▶ [Assignment]:
What lines below mention the word "pinMode"? Copy each one.

▶ [Given data]:
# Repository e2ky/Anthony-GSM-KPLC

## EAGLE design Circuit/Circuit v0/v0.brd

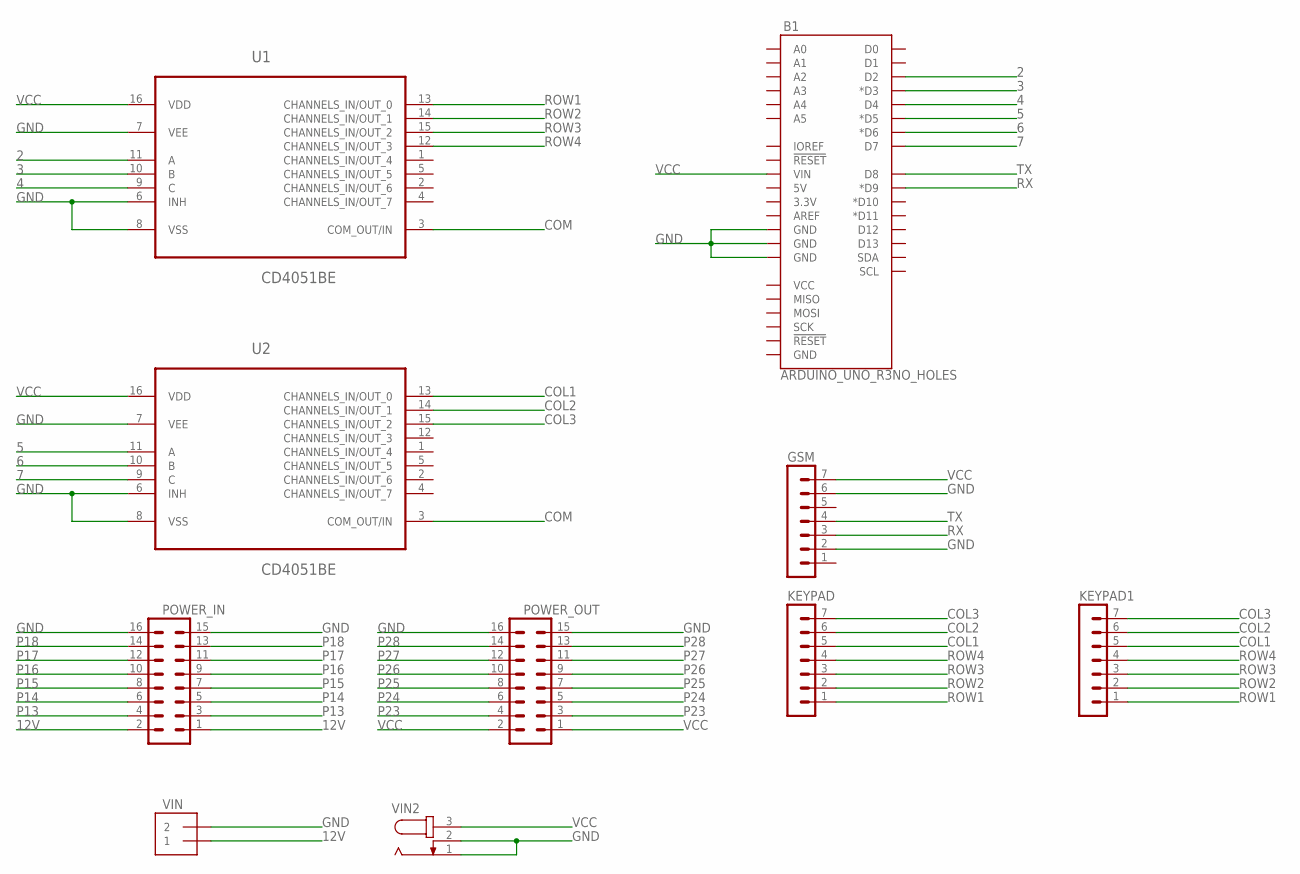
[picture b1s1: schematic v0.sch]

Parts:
B1: ARDUINO_UNO_R3NO_HOLES; ARDUINO_R3_NO_HOLES
GSM: MA07-1
KEYPAD, KEYPAD1: MA07-1
POWER_IN: MA08-2
POWER_OUT: MA08-2
U1, U2: CD4051BE; DIP254P762X508-16
VIN: 1X2-3.5MM
VIN2: JACK-PLUG0; SPC4077

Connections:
2: B1.D2, U1.11 (A)
3: B1.D3 (*D3), U1.10 (B)
4: B1.D4, U1.9 (C)
5: B1.D5 (*D5), U2.11 (A)
6: B1.D6 (*D6), U2.10 (B)
7: B1.D7, U2.9 (C)
12V: POWER_IN.1, POWER_IN.2, VIN.1
COL1: KEYPAD.5, KEYPAD1.5, U2.13 (CHANNELS_IN/OUT_0)
COL2: KEYPAD.6, KEYPAD1.6, U2.14 (CHANNELS_IN/OUT_1)
COL3: KEYPAD.7, KEYPAD1.7, U2.15 (CHANNELS_IN/OUT_2)
COM: U1.3 (COM_OUT/IN), U2.3 (COM_OUT/IN)
GND: B1.GND@2 (GND), B1.GND@3 (GND), B1.GND@4 (GND), GSM.2, GSM.6, POWER_IN.15, POWER_IN.16, POWER_OUT.15, POWER_OUT.16, U1.6 (INH), U1.7 (VEE), U1.8 (VSS), U2.6 (INH), U2.7 (VEE), U2.8 (VSS), VIN.2, VIN2.1, VIN2.2
P13: POWER_IN.3, POWER_IN.4
P14: POWER_IN.5, POWER_IN.6
P15: POWER_IN.7, POWER_IN.8
P16: POWER_IN.9, POWER_IN.10
P17: POWER_IN.11, POWER_IN.12
P18: POWER_IN.13, POWER_IN.14
P23: POWER_OUT.3, POWER_OUT.4
P24: POWER_OUT.5, POWER_OUT.6
P25: POWER_OUT.7, POWER_OUT.8
P26: POWER_OUT.9, POWER_OUT.10
P27: POWER_OUT.11, POWER_OUT.12
P28: POWER_OUT.13, POWER_OUT.14
ROW1: KEYPAD.1, KEYPAD1.1, U1.13 (CHANNELS_IN/OUT_0)
ROW2: KEYPAD.2, KEYPAD1.2, U1.14 (CHANNELS_IN/OUT_1)
ROW3: KEYPAD.3, KEYPAD1.3, U1.15 (CHANNELS_IN/OUT_2)
ROW4: KEYPAD.4, KEYPAD1.4, U1.12 (CHANNELS_IN/OUT_3)
RX: B1.D9 (*D9), GSM.3
TX: B1.D8, GSM.4
VCC: B1.VIN, GSM.7, POWER_OUT.1, POWER_OUT.2, U1.16 (VDD), U2.16 (VDD), VIN2.3

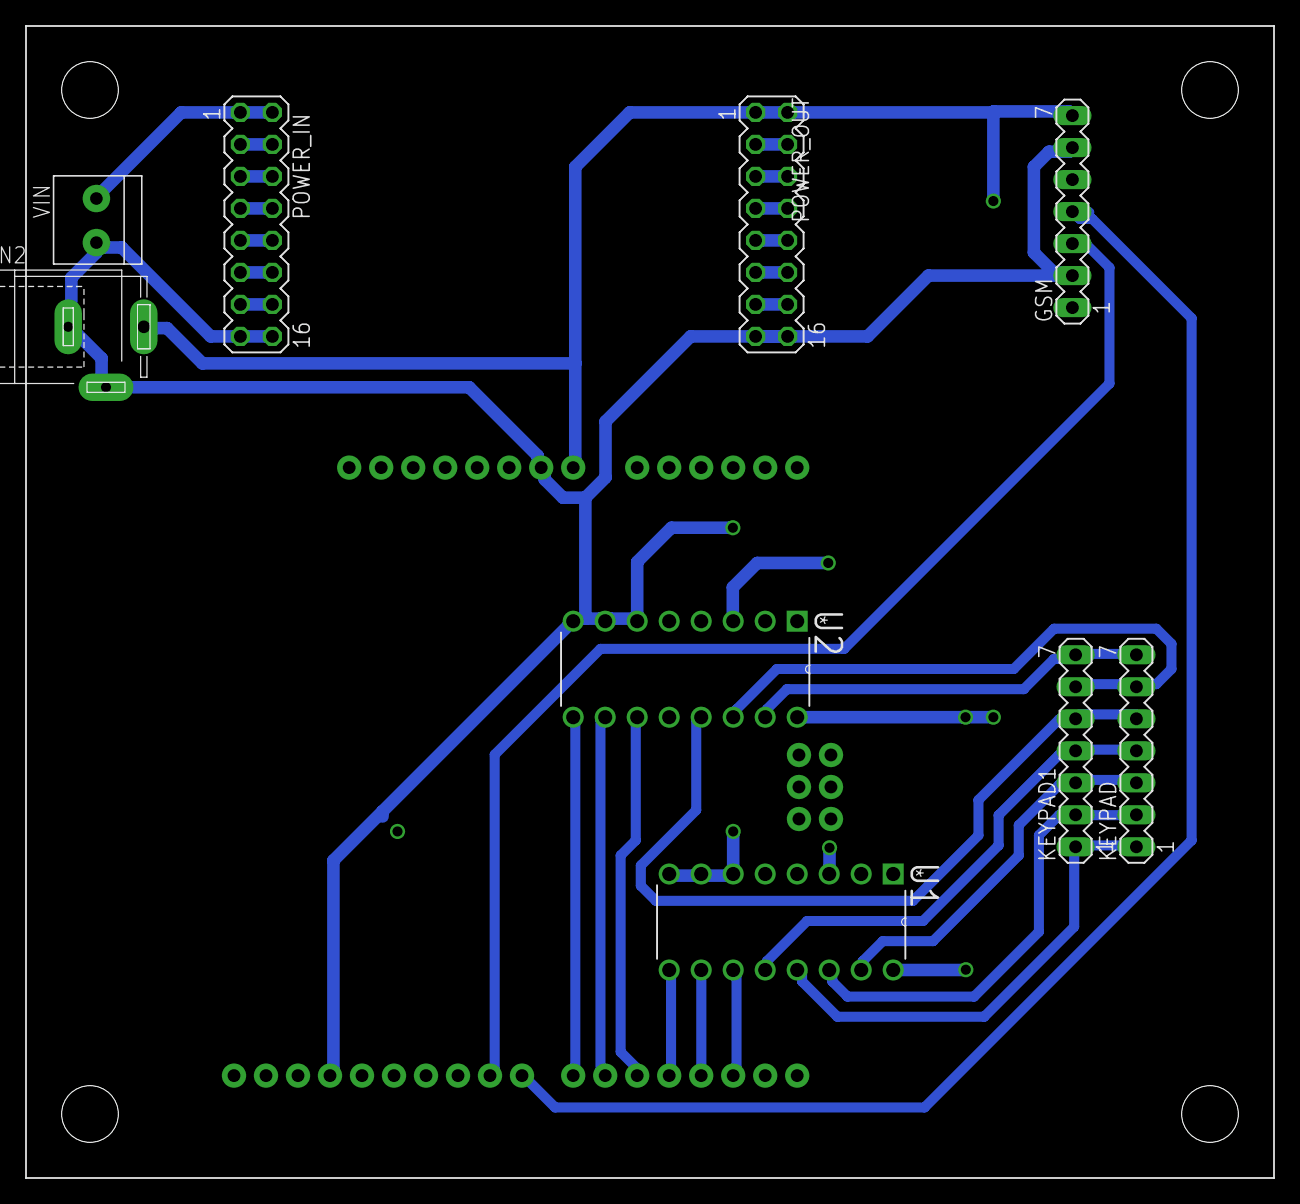
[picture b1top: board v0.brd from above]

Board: 2 copper layers, 99.1 x 91.4 mm, 10 parts (1 on the bottom side), 31 nets.

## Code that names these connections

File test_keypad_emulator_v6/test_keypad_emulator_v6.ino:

/*
    Arduino Uno Keypad Emulation
    By:- Kim
    Date: 19-06-2021
*/

char inChar;     // setup  for data storage

boolean newData = false;

int col1 = 4;
int col2 = 5;
int col3 = 6;
int row1 = 7;
int row2 = 8;
int row3 = 9;
int row4 = 10;

void setup() 
{
  Serial.begin(9600);

  Serial.println("Initializing...");
  delay(1000);

  //set all pins as outputs
  pinMode (col1, OUTPUT);
  pinMode (col2, OUTPUT);
  pinMode (col3, OUTPUT);
  pinMode (row1, OUTPUT);
  pinMode (row2, OUTPUT);
  pinMode (row3, OUTPUT);
  pinMode (row4, OUTPUT);

}

void loop()
{
  recvData();
}

void recvData()
{
  while (Serial.available())
  {
    inChar = (char)Serial.read();     // get new byte
    emulate();
  }
}

void emulate()
{
  Serial.print("Emulating...");
  Serial.write(inChar);
  switch (inChar)
  {
    case 1:
      digitalWrite (col1, HIGH);
      digitalWrite (col2, LOW);
      digitalWrite (col3, LOW);
      digitalWrite (row1, HIGH);
      digitalWrite (row2, LOW);
      digitalWrite (row3, LOW);
      digitalWrite (row4, LOW);
      break;

    case 2:
      digitalWrite (col1, LOW);
      digitalWrite (col2, HIGH);
      digitalWrite (col3, LOW);
      digitalWrite (row1, HIGH);
      digitalWrite (row2, LOW);
      digitalWrite (row3, LOW);
      digitalWrite (row4, LOW);
      break;

    case 3:
      digitalWrite (col1, LOW);
      digitalWrite (col2, LOW);
      digitalWrite (col3, HIGH);
      digitalWrite (row1, HIGH);
      digitalWrite (row2, LOW);
      digitalWrite (row3, LOW);
      digitalWrite (row4, LOW);
      break;

    case 4:
      digitalWrite (col1, HIGH);
      digitalWrite (col2, LOW);
      digitalWrite (col3, LOW);
      digitalWrite (row1, LOW);
      digitalWrite (row2, HIGH);
      digitalWrite (row3, LOW);
      digitalWrite (row4, LOW);
      break;

    case 5:
      digitalWrite (col1, LOW);
      digitalWrite (col2, HIGH);
      digitalWrite (col3, LOW);
      digitalWrite (row1, LOW);
      digitalWrite (row2, HIGH);
      digitalWrite (row2, LOW);
      digitalWrite (row3, LOW);
      digitalWrite (row4, LOW);
      break;

    case 6:
      digitalWrite (col1, LOW);
      digitalWrite (col2, LOW);
      digitalWrite (col3, HIGH);
      digitalWrite (row1, LOW);
      digitalWrite (row2, HIGH);
      digitalWrite (row3, LOW);
      digitalWrite (row4, LOW);
      break;

    case 7:
      digitalWrite (col1, HIGH);
      digitalWrite (col2, LOW);
      digitalWrite (col3, LOW);
      digitalWrite (row1, LOW);
      digitalWrite (row2, LOW);
      digitalWrite (row3, HIGH);
      digitalWrite (row4, LOW);
      break;

    case 8:
      digitalWrite (col1, LOW);
      digitalWrite (col2, HIGH);
      digitalWrite (col3, LOW);
      digitalWrite (row1, LOW);
      digitalWrite (row2, LOW);
      digitalWrite (row3, HIGH);
      digitalWrite (row4, LOW);
      break;

    case 9:
      digitalWrite (col1, LOW);
      digitalWrite (col2, LOW);
      digitalWrite (col3, HIGH);
      digitalWrite (row1, LOW);
      digitalWrite (row2, LOW);
      digitalWrite (row3, HIGH);
      digitalWrite (row4, LOW);
      break;

    case '*':
      digitalWrite (col1, HIGH);
      digitalWrite (col2, LOW);
      digitalWrite (col3, LOW);
      digitalWrite (row1, LOW);
      digitalWrite (row2, LOW);
      digitalWrite (row3, LOW);
      digitalWrite (row4, HIGH);
      break;

    case 0:
      digitalWrite (col1, LOW);
      digitalWrite (col2, HIGH);
      digitalWrite (col3, LOW);
      digitalWrite (row1, LOW);
      digitalWrite (row2, LOW);
      digitalWrite (row3, LOW);
      digitalWrite (row4, HIGH);
      break;

    case '#':
      digitalWrite (col1, LOW);
      digitalWrite (col2, LOW);
      digitalWrite (col3, HIGH);
      digitalWrite (row1, LOW);
      digitalWrite (row2, LOW);
      digitalWrite (row3, LOW);
      digitalWrite (row4, HIGH);
      break;

  }
  delay (10);
}

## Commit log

2020-08-07 initial
2020-11-18 keypad emulation code'
2021-05-05 serial read and parse
2021-09-29 Improved test code
2021-09-29 Better? sms test code
2021-09-29 Keypad emulation test code
2021-09-29 Final code?
2021-09-29 Circuit moved from breadboard, done in Eagle and include png for milling on modela 1/64 for trace milling and 1/32 for drill holes and outline
2021-10-15 v0 smaller and removed KiCAD files
2021-11-13 circuit for fabrication
2021-12-15 final code

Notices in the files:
parts and their libraries:
SparkFun-Boards: Licensing: Creative Commons ShareAlike 4.0 International - https://creativecommons.org/licenses/by-sa/4.0

▶ [Written response]:
  pinMode (col1, OUTPUT);
  pinMode (col2, OUTPUT);
  pinMode (col3, OUTPUT);
  pinMode (row1, OUTPUT);
  pinMode (row2, OUTPUT);
  pinMode (row3, OUTPUT);
  pinMode (row4, OUTPUT);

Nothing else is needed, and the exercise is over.